Twelve years ago, I worked as an assistant to a geriatric physician in academia. He was a Freud lookalike and a very kind man who took many naps in the course of a workday. He had very few patients and mostly had the need to escape his wife in the day.  My workload became minimal. Let’s just be honest and say there was NO workload. So, I had a brainstorm that would keep me busy for a semester.

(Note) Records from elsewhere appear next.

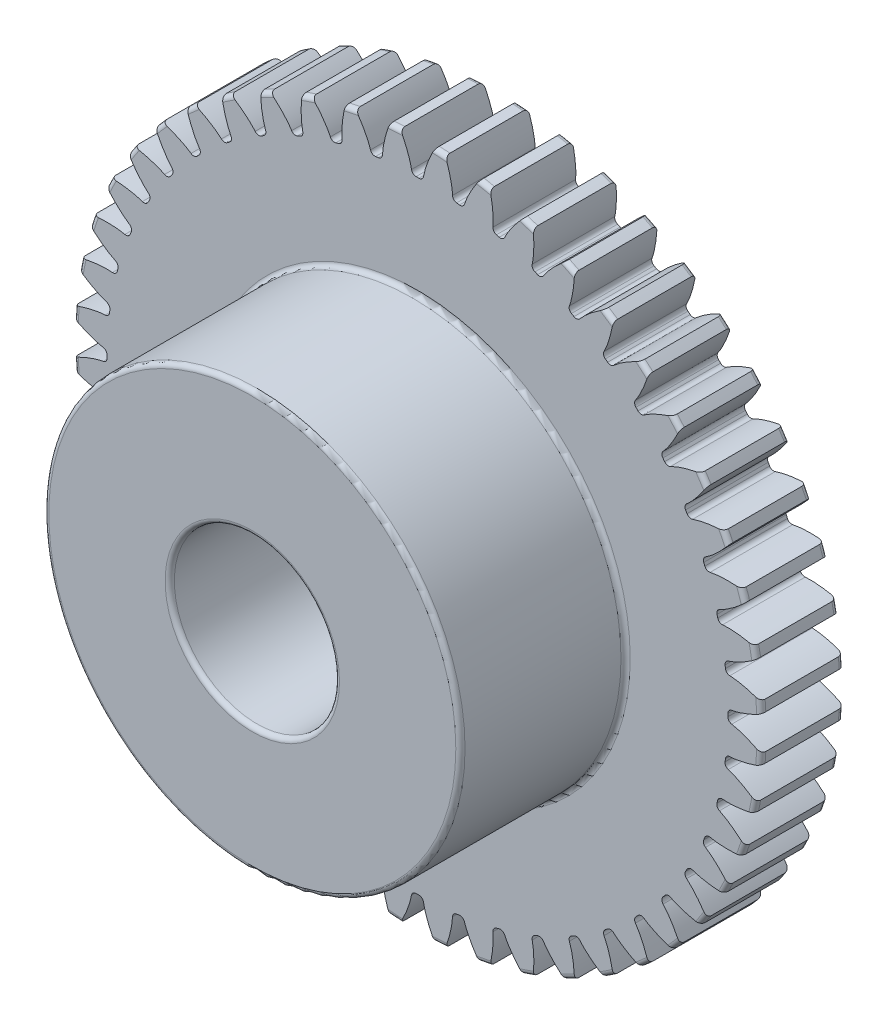
from build123d import *

# Parameters (mm, degrees)
SKETCH3_R                = 13.229166667
BOSS_EXTRUDE1_DEPTH      = 4.7625
BOSS_EXTRUDE1_DEPTH_BACK = 4.7625
SKETCH5_W                = 6.35
SKETCH5_H                = 5.228166667
SKETCH5_W_2              = 9.525
SKETCH5_H_2              = 3.175
FILLET2_R                = 0.177538081
CUT_EXTRUDE1_DEPTH       = 5.7625
FILLET1_R                = 0.177538081
CIRPATTERN1_COUNT        = 48
FILLET1_OF_CIRPATTERN1_R = 0.177538081


with BuildPart() as part:
    # Sketch3 → Boss-Extrude1 (new body, two sides)
    with BuildSketch(Plane.XY) as boss_extrude1_sk:
        Circle(SKETCH3_R)
    extrude(amount=BOSS_EXTRUDE1_DEPTH)
    extrude(boss_extrude1_sk.sketch, amount=-BOSS_EXTRUDE1_DEPTH_BACK)

    # Sketch5 → Cut-Revolve1 (revolve, cut)
    with BuildSketch(Plane(origin=(0, 0, 0), x_dir=(0, 0, -1), z_dir=(1, 0, 0))):
        with Locations((-1.5875, 10.615083334)):
            Rectangle(SKETCH5_W, SKETCH5_H)
        with Locations((0, 1.5875)):
            Rectangle(SKETCH5_W_2, SKETCH5_H_2)
    revolve(axis=Axis((0, 0, 4.7625), (0, 0, -1)), mode=Mode.SUBTRACT)

    # Fillet2
    fillet2_edges = [part.edges().sort_by_distance(p)[0] for p in [
        (0, -3.175, 4.7625),
        (0, -3.175, -4.7625),
        (0, -8.001, 4.7625),
        (0, -8.001, -1.5875),
        (-13.229166667, 0, -1.5875),
        (-13.229166667, 0, -4.7625),
    ]]
    fillet(fillet2_edges, radius=FILLET2_R)

    # Sketch4 → Cut-Extrude1 (cut, symmetric)
    with BuildSketch(Plane.XY):
        with BuildLine():
            ThreePointArc((11.932074389, 0.212658516), (11.933969284, 0), (11.932201369, -0.212660779))
            add(Edge.make_bspline(
                [(11.932201369, -0.212660779), (11.934219485, -0.212717179), (11.939878545, -0.212938639), (11.950572169, -0.213607197), (11.96801338, -0.215053108), (11.990223234, -0.217417388), (12.018912857, -0.221072811), (12.052685397, -0.226150351), (12.089772396, -0.232538871), (12.130087993, -0.240362214), (12.170276341, -0.24893927), (12.21033352, -0.258214333), (12.250205367, -0.268102395), (12.298462883, -0.280846952), (12.356270454, -0.297195047), (12.423746985, -0.317857891), (12.500161506, -0.343127611), (12.577910666, -0.370845697), (12.654305415, -0.399734381), (12.731356883, -0.43078019), (12.805811965, -0.462134729), (12.883001062, -0.496607647), (12.954175712, -0.529396299), (13.033746126, -0.568241958), (13.097910552, -0.600206527), (13.164044277, -0.634987314), (13.196210008, -0.652175364), (13.21263934, -0.661069106)],
                knots=[0, 0, 0, 0, 0, 0.005376749, 0.015083688, 0.02853182, 0.04661014, 0.064854849, 0.092110526, 0.119476176, 0.146842496, 0.174208854, 0.201574956, 0.228941013, 0.256307345, 0.307035032, 0.361767352, 0.416499661, 0.471231937, 0.525964282, 0.580696616, 0.635428982, 0.690161387, 0.744893688, 0.799626082, 0.854358407, 0.909090914, 0.909090914, 0.909090914, 0.909090914, 0.909090914], degree=4))
            ThreePointArc((13.21263934, -0.661069106), (13.229166667, 0), (13.21263934, 0.661069106))
            add(Edge.make_bspline(
                [(11.932074389, 0.212658516), (11.934219485, 0.212717179), (11.939878545, 0.212938639), (11.950572169, 0.213607197), (11.96801338, 0.215053108), (11.990223234, 0.217417388), (12.018912857, 0.221072811), (12.052685397, 0.226150351), (12.089772396, 0.232538871), (12.130087993, 0.240362214), (12.170276341, 0.24893927), (12.21033352, 0.258214333), (12.250205367, 0.268102395), (12.298462883, 0.280846952), (12.356270454, 0.297195047), (12.423746985, 0.317857891), (12.500161506, 0.343127611), (12.577910666, 0.370845697), (12.654305415, 0.399734381), (12.731356883, 0.43078019), (12.805811965, 0.462134729), (12.883001062, 0.496607647), (12.954175712, 0.529396299), (13.033746126, 0.568241958), (13.097910552, 0.600206527), (13.164044277, 0.634987314), (13.196210008, 0.652175364), (13.21263934, 0.661069106)],
                knots=[0, 0, 0, 0, 0, 0.005376749, 0.015083688, 0.02853182, 0.04661014, 0.064854849, 0.092110526, 0.119476176, 0.146842496, 0.174208854, 0.201574956, 0.228941013, 0.256307345, 0.307035032, 0.361767352, 0.416499661, 0.471231937, 0.525964282, 0.580696616, 0.635428982, 0.690161387, 0.744893688, 0.799626082, 0.854358407, 0.909090914, 0.909090914, 0.909090914, 0.909090914, 0.909090914], degree=4))
        make_face()
    cut_extrude1 = extrude(amount=CUT_EXTRUDE1_DEPTH, both=True, mode=Mode.SUBTRACT)

    # Fillet1
    fillet1_edges = [part.edges().sort_by_distance(p)[0] for p in [
        (11.932201369, -0.212660779, -3.175),
        (11.932074389, 0.212658516, -3.175),
    ]]
    fillet(fillet1_edges, radius=FILLET1_R)

    # CirPattern1: Cut-Extrude1 ×48 about axis
    cirpattern1_axis = Axis((0, 0, 4.7625), (0, 0, -1))
    for i in range(1, CIRPATTERN1_COUNT):
        add(cut_extrude1.rotate(cirpattern1_axis, i * 360 / CIRPATTERN1_COUNT), mode=Mode.SUBTRACT)

    # Fillet1 of CirPattern1
    fillet1_of_cirpattern1_edges = [part.edges().sort_by_distance(p)[0] for p in [
        (11.80236193, -1.768306246, -3.175),
        (11.857751345, -1.346609042, -3.175),
        (11.470580807, -3.293695503, -3.175),
        (11.580538888, -2.882835747, -3.175),
        (10.942534866, -4.762728717, -3.175),
        (11.105180199, -4.369736332, -3.175),
        (10.227259119, -6.150270322, -3.175),
        (10.439808799, -5.781869517, -3.175),
        (9.336992133, -7.432579096, -3.175),
        (9.595809375, -7.095073312, -3.175),
        (8.286966623, -8.587714382, -3.175),
        (8.587622993, -8.286878435, -3.175),
        (7.095148817, -9.595911493, -3.175),
        (7.4325, -9.336892771, -3.175),
        (5.781931047, -10.439919898, -3.175),
        (6.150204872, -10.227150283, -3.175),
        (4.369782834, -11.105298379, -3.175),
        (4.762678033, -10.942418418, -3.175),
        (2.882866425, -11.580662127, -3.175),
        (3.293660452, -11.47045874, -3.175),
        (1.346623373, -11.857877534, -3.175),
        (1.768287428, -11.802236332, -3.175),
        (-0.212660779, -11.932201369, -3.175),
        (0.212658516, -11.932074389, -3.175),
        (-1.768306246, -11.80236193, -3.175),
        (-1.346609042, -11.857751345, -3.175),
        (-3.293695503, -11.470580807, -3.175),
        (-2.882835747, -11.580538888, -3.175),
        (-4.762728717, -10.942534866, -3.175),
        (-4.369736332, -11.105180199, -3.175),
        (-6.150270322, -10.227259119, -3.175),
        (-5.781869517, -10.439808799, -3.175),
        (-7.432579096, -9.336992133, -3.175),
        (-7.095073312, -9.595809375, -3.175),
        (-8.587714382, -8.286966623, -3.175),
        (-8.286878435, -8.587622993, -3.175),
        (-9.595911493, -7.095148817, -3.175),
        (-9.336892771, -7.4325, -3.175),
        (-10.439919898, -5.781931047, -3.175),
        (-10.227150283, -6.150204872, -3.175),
        (-11.105298379, -4.369782834, -3.175),
        (-10.942418418, -4.762678033, -3.175),
        (-11.580662127, -2.882866425, -3.175),
        (-11.47045874, -3.293660452, -3.175),
        (-11.857877534, -1.346623373, -3.175),
        (-11.802236332, -1.768287428, -3.175),
        (-11.932201369, 0.212660779, -3.175),
        (-11.932074389, -0.212658516, -3.175),
        (-11.80236193, 1.768306246, -3.175),
        (-11.857751345, 1.346609042, -3.175),
        (-11.470580807, 3.293695503, -3.175),
        (-11.580538888, 2.882835747, -3.175),
        (-10.942534866, 4.762728717, -3.175),
        (-11.105180199, 4.369736332, -3.175),
        (-10.227259119, 6.150270322, -3.175),
        (-10.439808799, 5.781869517, -3.175),
        (-9.336992133, 7.432579096, -3.175),
        (-9.595809375, 7.095073312, -3.175),
        (-8.286966623, 8.587714382, -3.175),
        (-8.587622993, 8.286878435, -3.175),
        (-7.095148817, 9.595911493, -3.175),
        (-7.4325, 9.336892771, -3.175),
        (-5.781931047, 10.439919898, -3.175),
        (-6.150204872, 10.227150283, -3.175),
        (-4.369782834, 11.105298379, -3.175),
        (-4.762678033, 10.942418418, -3.175),
        (-2.882866425, 11.580662127, -3.175),
        (-3.293660452, 11.47045874, -3.175),
        (-1.346623373, 11.857877534, -3.175),
        (-1.768287428, 11.802236332, -3.175),
        (0.212660779, 11.932201369, -3.175),
        (-0.212658516, 11.932074389, -3.175),
        (1.768306246, 11.80236193, -3.175),
        (1.346609042, 11.857751345, -3.175),
        (3.293695503, 11.470580807, -3.175),
        (2.882835747, 11.580538888, -3.175),
        (4.762728717, 10.942534866, -3.175),
        (4.369736332, 11.105180199, -3.175),
        (6.150270322, 10.227259119, -3.175),
        (5.781869517, 10.439808799, -3.175),
        (7.432579096, 9.336992133, -3.175),
        (7.095073312, 9.595809375, -3.175),
        (8.587714382, 8.286966623, -3.175),
        (8.286878435, 8.587622993, -3.175),
        (9.595911493, 7.095148817, -3.175),
        (9.336892771, 7.4325, -3.175),
        (10.439919898, 5.781931047, -3.175),
        (10.227150283, 6.150204872, -3.175),
        (11.105298379, 4.369782834, -3.175),
        (10.942418418, 4.762678033, -3.175),
        (11.580662127, 2.882866425, -3.175),
        (11.47045874, 3.293660452, -3.175),
        (11.857877534, 1.346623373, -3.175),
        (11.802236332, 1.768287428, -3.175),
    ]]
    fillet(fillet1_of_cirpattern1_edges, radius=FILLET1_OF_CIRPATTERN1_R)


solid = part.part
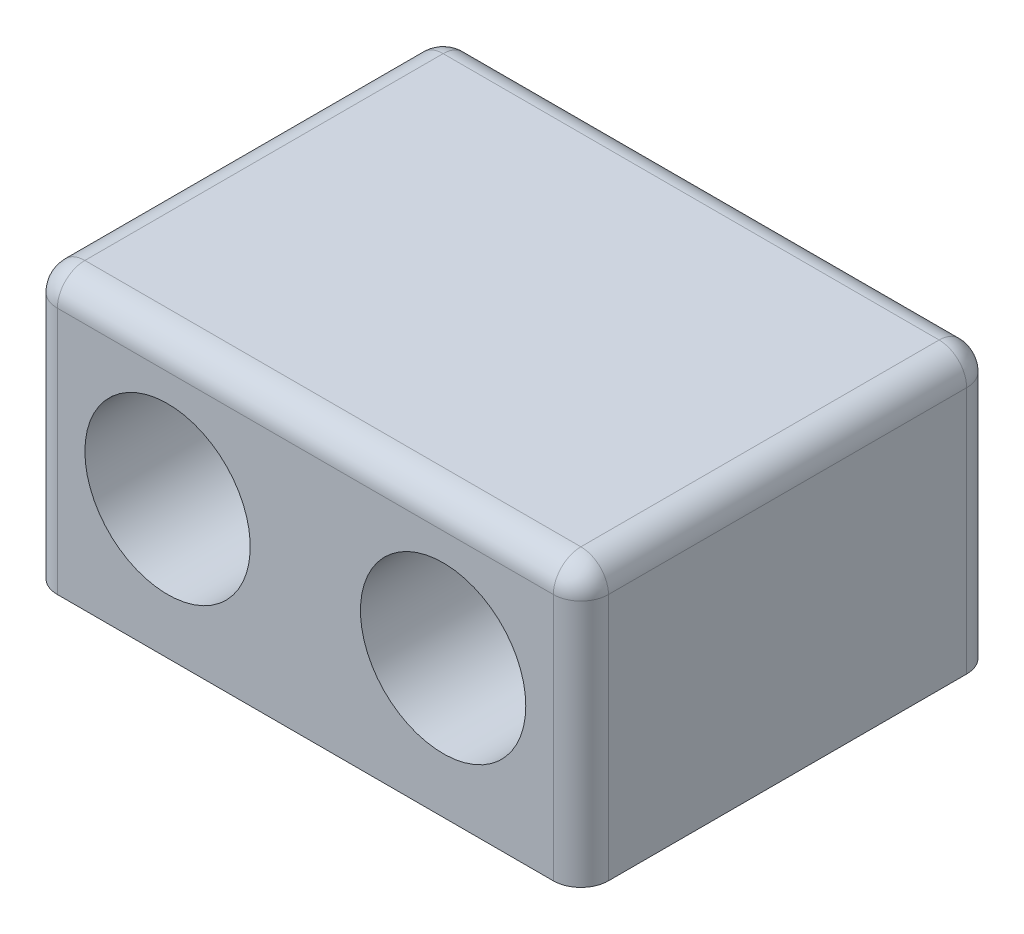
from build123d import *

# Parameters (mm, degrees)
SKETCH1_W           = 20
SKETCH1_H           = 15
BOSS_EXTRUDE1_DEPTH = 10
SKETCH4_R           = 3
CUT_EXTRUDE1_DEPTH  = 8
CUT_EXTRUDE2_DEPTH  = 8
FILLET1_R           = 1


with BuildPart() as part:
    # Sketch1 → Boss-Extrude1 (new body)
    with BuildSketch(Plane(origin=(0, 0, 0), x_dir=(1, 0, 0), z_dir=(0, 1, 0))):
        Rectangle(SKETCH1_W, SKETCH1_H)
    extrude(amount=BOSS_EXTRUDE1_DEPTH)

    # Sketch4 → Cut-Extrude1 (cut)
    with BuildSketch(Plane.XY.offset(7.5)):
        with Locations((5, 5)):
            Circle(SKETCH4_R)
    cut_extrude1 = extrude(amount=-CUT_EXTRUDE1_DEPTH, mode=Mode.SUBTRACT)

    # Sketch6 → Cut-Extrude2 (cut, through all)
    with BuildSketch(Plane.XY.offset(-0.5)):
        with BuildLine():
            Line((3.75, 5.75), (6.25, 5.75))
            ThreePointArc((6.25, 5.75), (7, 5), (6.25, 4.25))
            Line((6.25, 4.25), (3.75, 4.25))
            ThreePointArc((3.75, 4.25), (3, 5), (3.75, 5.75))
        make_face()
    cut_extrude2 = extrude(amount=-CUT_EXTRUDE2_DEPTH, mode=Mode.SUBTRACT)

    # Mirror1: Cut-Extrude1, Cut-Extrude2 across plane
    add(cut_extrude1.mirror(Plane(origin=(0, 0, 0), x_dir=(0, 0, 1), z_dir=(1, 0, 0))), mode=Mode.SUBTRACT)
    add(cut_extrude2.mirror(Plane(origin=(0, 0, 0), x_dir=(0, 0, 1), z_dir=(1, 0, 0))), mode=Mode.SUBTRACT)

    # Fillet1
    fillet1_edges = [part.edges().sort_by_distance(p)[0] for p in [
        (-10, 10, 0),
        (0, 10, 7.5),
        (10, 10, 0),
        (0, 10, -7.5),
        (10, 5, 7.5),
        (-10, 5, 7.5),
        (-10, 5, -7.5),
        (10, 5, -7.5),
    ]]
    fillet(fillet1_edges, radius=FILLET1_R)


solid = part.part

It was time I put the literary fodder I collected from owning a dysfunctional family to work and put it on paper.

 

I did have experience writing business articles for a local newspaper in my hometown, but describing food in a diner compared to depicting my Viennese family whose snobbery and superiority were outmatched only by their neurosis was a huge writing challenge. Because my book is a memoir, I had to have a very unique, strong voice as I aged and morphed into a different personality in each chapter. This is not so easy when you must put on your 5-year-old thinking cap. How you speak and think has to be translated on the page meaning you must be your authentic child self. No matter how embarrassing you think it may be, be yourself and not fake.

 

I like to inject my first-person voice because I am both the narrator and character in the story. The first-person point of view gives us an intimate look at the characters and is used in many autobiographies and memoirs. I feel like I am giving credibility to my story by taking on certain voices. When I wrote in a child’s voice during my first few chapters, I had to remember that a child’s dialogue is unreliable, exaggerated, and uses slang and sentence fragments. I found this to be lots of fun. It was so challenging, what with being an only child and not around children at this time in my life. Finding voice is also a very cathartic experience and capable of bringing on negative memories. So fasten your seat belt while going down memory lane, it’s a bumpy ride, but it can be a very cleansing experience for the soul.

 

As you write, stay true to your character. My age changed throughout my book, but I wanted to stay true to who I really am. There are some things in childhood we carry on to adulthood. If we had a case of shyness as a child, there would be bits and pieces of that memory left in our personality. It is who we are, and we are all different. It’s necessary to be brutally truthful in a memoir. And while I could not possibly remember details of conversations in my life, the characters helped me bring to fruition the voice communications. The how or why surfaced in different ways in order to pull the reader into my life. Of course, I want the reader to not be able to put my book down but realistically I would like to keep them as mesmerized as possible.  

 

As I continued writing my memoir, I found myself in the middle of many emotional family upheavals and it was amazing how many uncomfortable memories still existed in my brain. By choice, I had to be honest about every character and about how I felt. There are emotional consequences to writing a memoir and at times when the characters jumped off the pages, I had to put on the brakes and stay away from writing for a few days. It was a writing sabbatical for me. You must take care of yourself before you go any further. If I am a writer, I must share my real-world view and all that surrounded me. Not an easy task, and I did not find peace until the very ending. Portray your characters just as you see them. You are not doing revenge writing at all. For me, I wanted to deliver my unique, dysfunctional family to others so that they know they can survive a train wreck of a life by laughing all the way to sanity. My personal intent was to turn negative events inside out with humor. 

 

The only research I had in memoir writing was looking at family photos and talking to people who remembered my family. It is amazing how photos can trigger thoughts you felt were forgotten. A childhood photo can also help you in finding that inner child voice for your writing. You look at the picture of a place and it helps you remember how you felt. This is all ammunition toward being an authentic writer. Our memories are unique to us and belong only to us. I focused on telling my story, with and without the scabs of my life. I trusted myself, there was no self-doubt and no matter how painful some chapters were, they helped me find and express my personal truth. If I can help one person who reads my book know that surviving a dysfunctional family is possible, then I have accomplished the most important task in my life.